Chimney Bank. I knew this twisty road up out of Rosedale Abbey was steep – 1-in-3 – but I didn’t know it was something of a cycling challenge; the record is just over five minutes for the half-mile from bottom to top. Even with a trusty four wheels, and doing nothing more taxing than changing gear, I was puffed when I reached the summit. But the views are glorious!
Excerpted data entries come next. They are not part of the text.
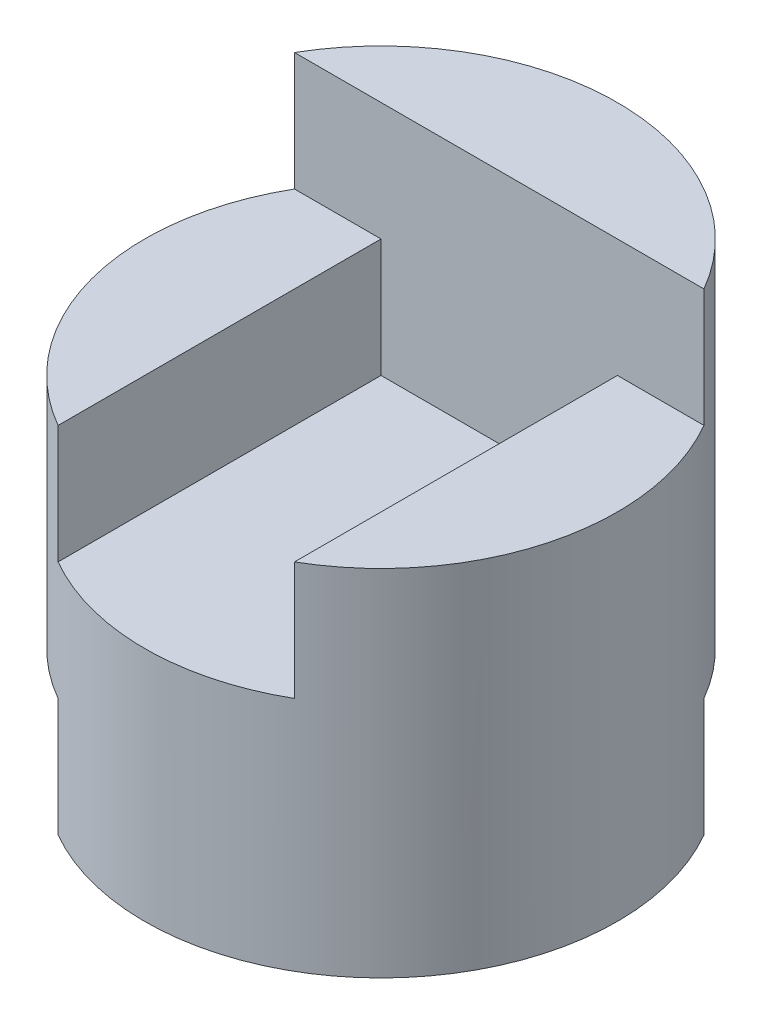
SolidWorks part; units mm, degrees
ref_plane "Front" through (0, 0, 0) normal (0, 0, 1) x (1, 0, 0)
ref_plane "Top" through (0, 0, 0) normal (0, 1, 0) x (1, 0, 0)
ref_plane "Right" through (0, 0, 0) normal (1, 0, 0) x (0, 0, -1)
sketch "Sketch1" plane through (0, 0, 0) normal (0, 1, 0) x (1, 0, 0)
  circle A0 centre (0, 0) radius 2
  dimension "D1" = 4
extrude "Boss-Extrude1" add sketch "Sketch1" along normal blind 4
sketch "Sketch2" plane through (0, 0, 0) normal (0, 0, 1) x (1, 0, 0)
  line L0 (-2, 4) -> (2, 4)
  line L1 (2, 4) -> (2, 3)
  line L2 (2, 0) -> (2, 4) construction
  line L3 (2, 3) -> (1, 3)
  line L4 (1, 3) -> (1, 2)
  line L5 (1, 2) -> (-1, 2)
  line L6 (-1, 2) -> (-1, 3)
  line L7 (-1, 3) -> (-2, 3)
  line L8 (-2, 4) -> (-2, 0) construction
  line L9 (-2, 3) -> (-2, 4)
  line L11 (-2, 0) -> (-1, 0)
  line L12 (-2, 0) -> (-2, 1)
  line L13 (-2, 1) -> (-1, 1)
  line L14 (-1, 0) -> (-1, 1)
  dimension "D1" = 1
  dimension "D2" = 1
  dimension "D3" = 1
  dimension "D4" = 1
  dimension "D5" = 2
  dimension "D6" = 1
  dimension "D7" = 1
extrude "Cut-Extrude4" cut sketch "Sketch2" against normal blind 1 and the other way blind 11
sketch "Sketch5" plane through (0, 0, 0) normal (1, 0, 0) x (0, 0, -1)
  line L1 (1, 1) -> (2, 1)
  line L2 (1, 1) -> (1, 0)
  line L3 (1, 0) -> (2, 0)
  line L4 (2, 1) -> (2, 0)
extrude "Cut-Extrude5" cut sketch "Sketch5" against normal mid plane 11
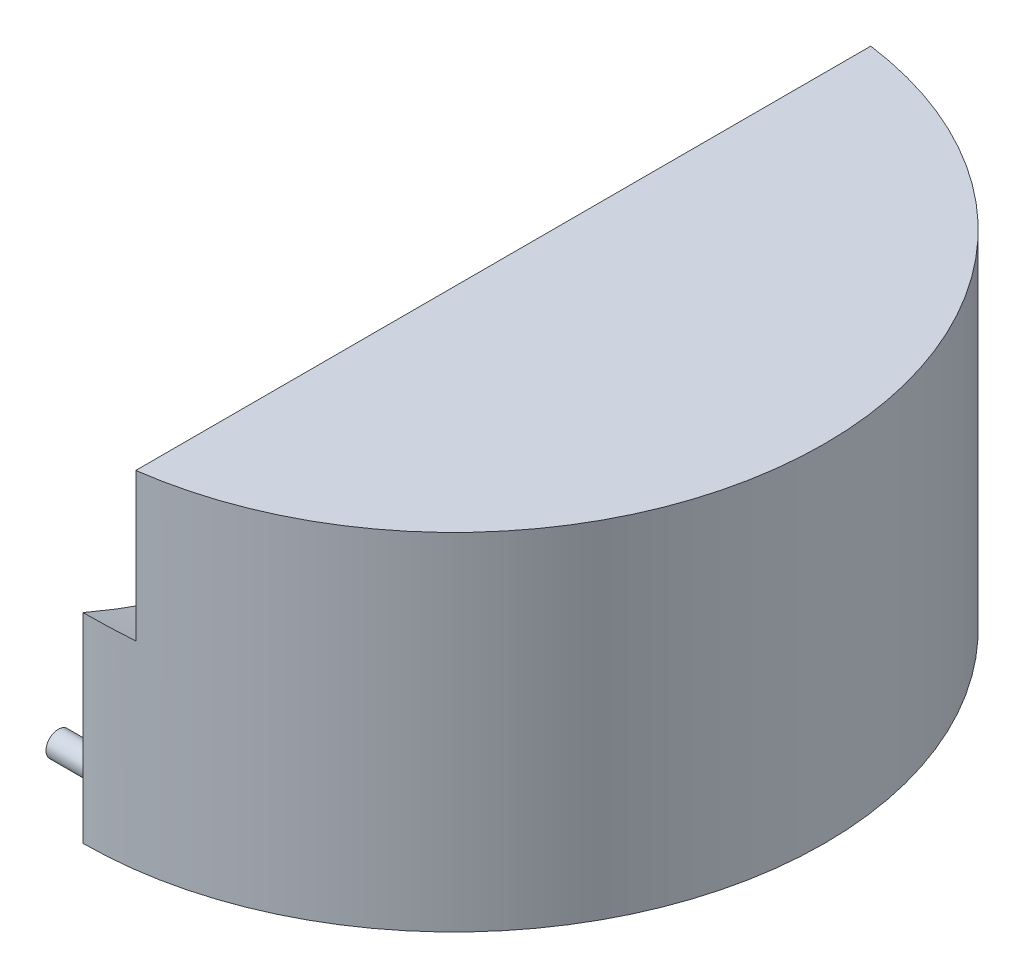
SolidWorks part; units mm, degrees
ref_plane "Front Plane" through (0, 0, 0) normal (0, 0, 1) x (1, 0, 0)
ref_plane "Top Plane" through (0, 0, 0) normal (0, 1, 0) x (1, 0, 0)
ref_plane "Right Plane" through (0, 0, 0) normal (1, 0, 0) x (0, 0, -1)
sketch "Sketch1" plane through (0, 0, 0) normal (0, 1, 0) x (1, 0, 0)
  line L0 (0, 75) -> (0, -75)
  circle A0 centre (0, 0) radius 75
  dimension "D1" = 150
extrude "Boss-Extrude2" add sketch "Sketch1" along normal blind 100 contours L0 A0
sketch "Sketch3" plane through (0, 0, 0) normal (0, -1, 0) x (-1, 0, 0)
  line L0 (0, 0) -> (-75, 0) construction
  line L2 (-54, 0) -> (-65, 0)
  line L3 (-54, 0) -> (-54, 22)
  line L4 (-54, 22) -> (-65, 22)
  line L5 (-65, 0) -> (-65, 22)
  arc A0 (0, 75) -> (0, -75) centre (0, 0) ccw construction
  dimension "D1" = 10
  dimension "D2" = 11
  dimension "D3" = 22
revolve "Cut-Revolve3" cut sketch "Sketch3" angle 360 about L0
sketch "Sketch4" plane through (65, 0, 0) normal (-1, 0, 0) x (0, 0, 1)
  line L0 (22, 0) -> (-22, 0) construction
  circle A0 centre (0, 0) radius 1
  dimension "D1" = 2
extrude "Cut-Extrude1" cut sketch "Sketch4" against normal blind 2
sketch "Sketch5" plane through (54, 0, 0) normal (1, 0, 0) x (0, 0, -1)
  line L0 (22, 0) -> (-22, 0) construction
  circle A0 centre (0, 0) radius 1
  dimension "D1" = 2
extrude "Cut-Extrude2" cut sketch "Sketch5" against normal blind 2
pattern_circular "CirPattern1" count 4 every 90 about axis through (0, 0, 0) along (0, 1, 0) of "Cut-Revolve3", "Cut-Extrude1", "Cut-Extrude2"
sketch "Sketch6" plane through (0, 100, 0) normal (0, 1, 0) x (1, 0, 0)
  line L0 (0, 75) -> (0, -75) construction
  line L1 (0, 0) -> (10, 0)
  line L2 (0, 0) -> (0, -190)
  line L3 (0, -190) -> (10, -190)
  line L4 (10, 0) -> (10, -190)
  dimension "D1" = 10
  dimension "D2" = 190
sketch "Sketch8" plane through (0, 0, 0) normal (-1, 0, 0) x (0, 0, 1)
  line L0 (-75, 0) -> (-67, 0) construction
  line L1 (-75, 50.2506) -> (-75, 0) construction
  line L2 (0, -1000) -> (0, 49000) construction
  line L3 (-52, 0) -> (52, 0) construction
  line L4 (-40, 5) -> (-20, 5)
  line L5 (-40, 5) -> (-40, 0)
  line L6 (-40, 0) -> (-20, 0)
  line L7 (-20, 5) -> (-20, 0)
  line L8 (40, 0) -> (20, 0)
  line L9 (20, 5) -> (20, 0)
  line L10 (40, 5) -> (20, 5)
  line L11 (40, 5) -> (40, 0)
  circle A0 centre (-70, 10) radius 2.5
  circle A1 centre (70, 10) radius 2.5
  dimension "D1" = 5
  dimension "D2" = 10
  dimension "D3" = 5
  dimension "D4" = 20
  dimension "D5" = 5
  dimension "D6" = 20
extrude "Boss-Extrude3" add sketch "Sketch8" along normal blind 10
extrude "Boss-Extrude4" add sketch "Sketch6" along normal blind 115
sketch "Sketch10" plane through (0, 215, 0) normal (0, 1, 0) x (1, 0, 0)
  line L1 (10, 0) -> (0, 0)
  line L2 (10, 0) -> (10, -190)
  line L3 (10, -190) -> (0, -190)
  line L4 (0, 0) -> (0, -190)
revolve "Cut-Revolve4" cut sketch "Sketch10" angle 360 about L1
sketch "Sketch11" plane through (10, 0, 0) normal (-1, 0, 0) x (0, 0, 1)
  line L0 (74.3303, 40.1429) -> (74.3303, 100) construction
  line L1 (-74.3303, 100) -> (74.3303, 100) construction
  circle A0 centre (-0.6697, 47.5) radius 1
  circle A1 centre (-65.6697, 60.5) radius 1
  circle A2 centre (64.3303, 60.5) radius 1
  arc A3 (-74.3303, 40.1429) -> (74.3303, 40.1429) centre (0, 215) ccw construction
  circle A4 centre (-0.6697, 228.3541) radius 200.0539 construction
  dimension "D3" = 2
  dimension "D7" = 2
  dimension "D8" = 2
  dimension "D1" = 75
  dimension "D2" = 52.5
  dimension "D4" = 167.5
  dimension "D5" = 180
  dimension "D6" = 180
  dimension "D9" = 65
  dimension "D10" = 13
  dimension "D11" = 65
  dimension "D12" = 13
extrude "Cut-Extrude3" cut sketch "Sketch11" against normal blind 2
sketch "Sketch12" plane through (0, 100, 0) normal (0, 1, 0) x (1, 0, 0)
  circle A0 centre (0, 0) radius 75
  dimension "D1" = 150
extrude "Cut-Extrude4" cut sketch "Sketch12" against normal blind 30

Rosedale from Chimney Bank 1

I learned the cycling facts from Kate Jones and Stephen Gilles, traditional glassmakers whose studio in Rosedale, Gillies Jones looks out onto the moors. As someone once said of their signature bowls: I want one in every colour.



Mad running season

It’s that time of year. The streets are full of runners, physiotherapists are fully booked, and I’m badgering friends to part with their money. Yes, it’s Great North Run season (Sep 7, Newcastle). And this year, the millionth runner will cross the finishing line – a world first. No other mass-participation running event has reached one million participants.

And, yes, I’m doing the Run (hoping not to be that millionth person; too embarrassing) fund-raising for The Stroke Association. In a moment of madness, I also signed up to take part in the Opening Ceremony (Sep 4). This will be a musical-dramatic-pyrotechnic-acrobatic-magical lighting-all-singing-all-dancing spectacular on the Quayside with around 1000 volunteers shaking their booty. Stories of the north-east’s shipbuilding and coal-mining heritage, together with its inventor and sporting heroes, will be told. A bit like the Olympics, but with a definite northern twang.

The air will be electric with Geordie good humour. Come along!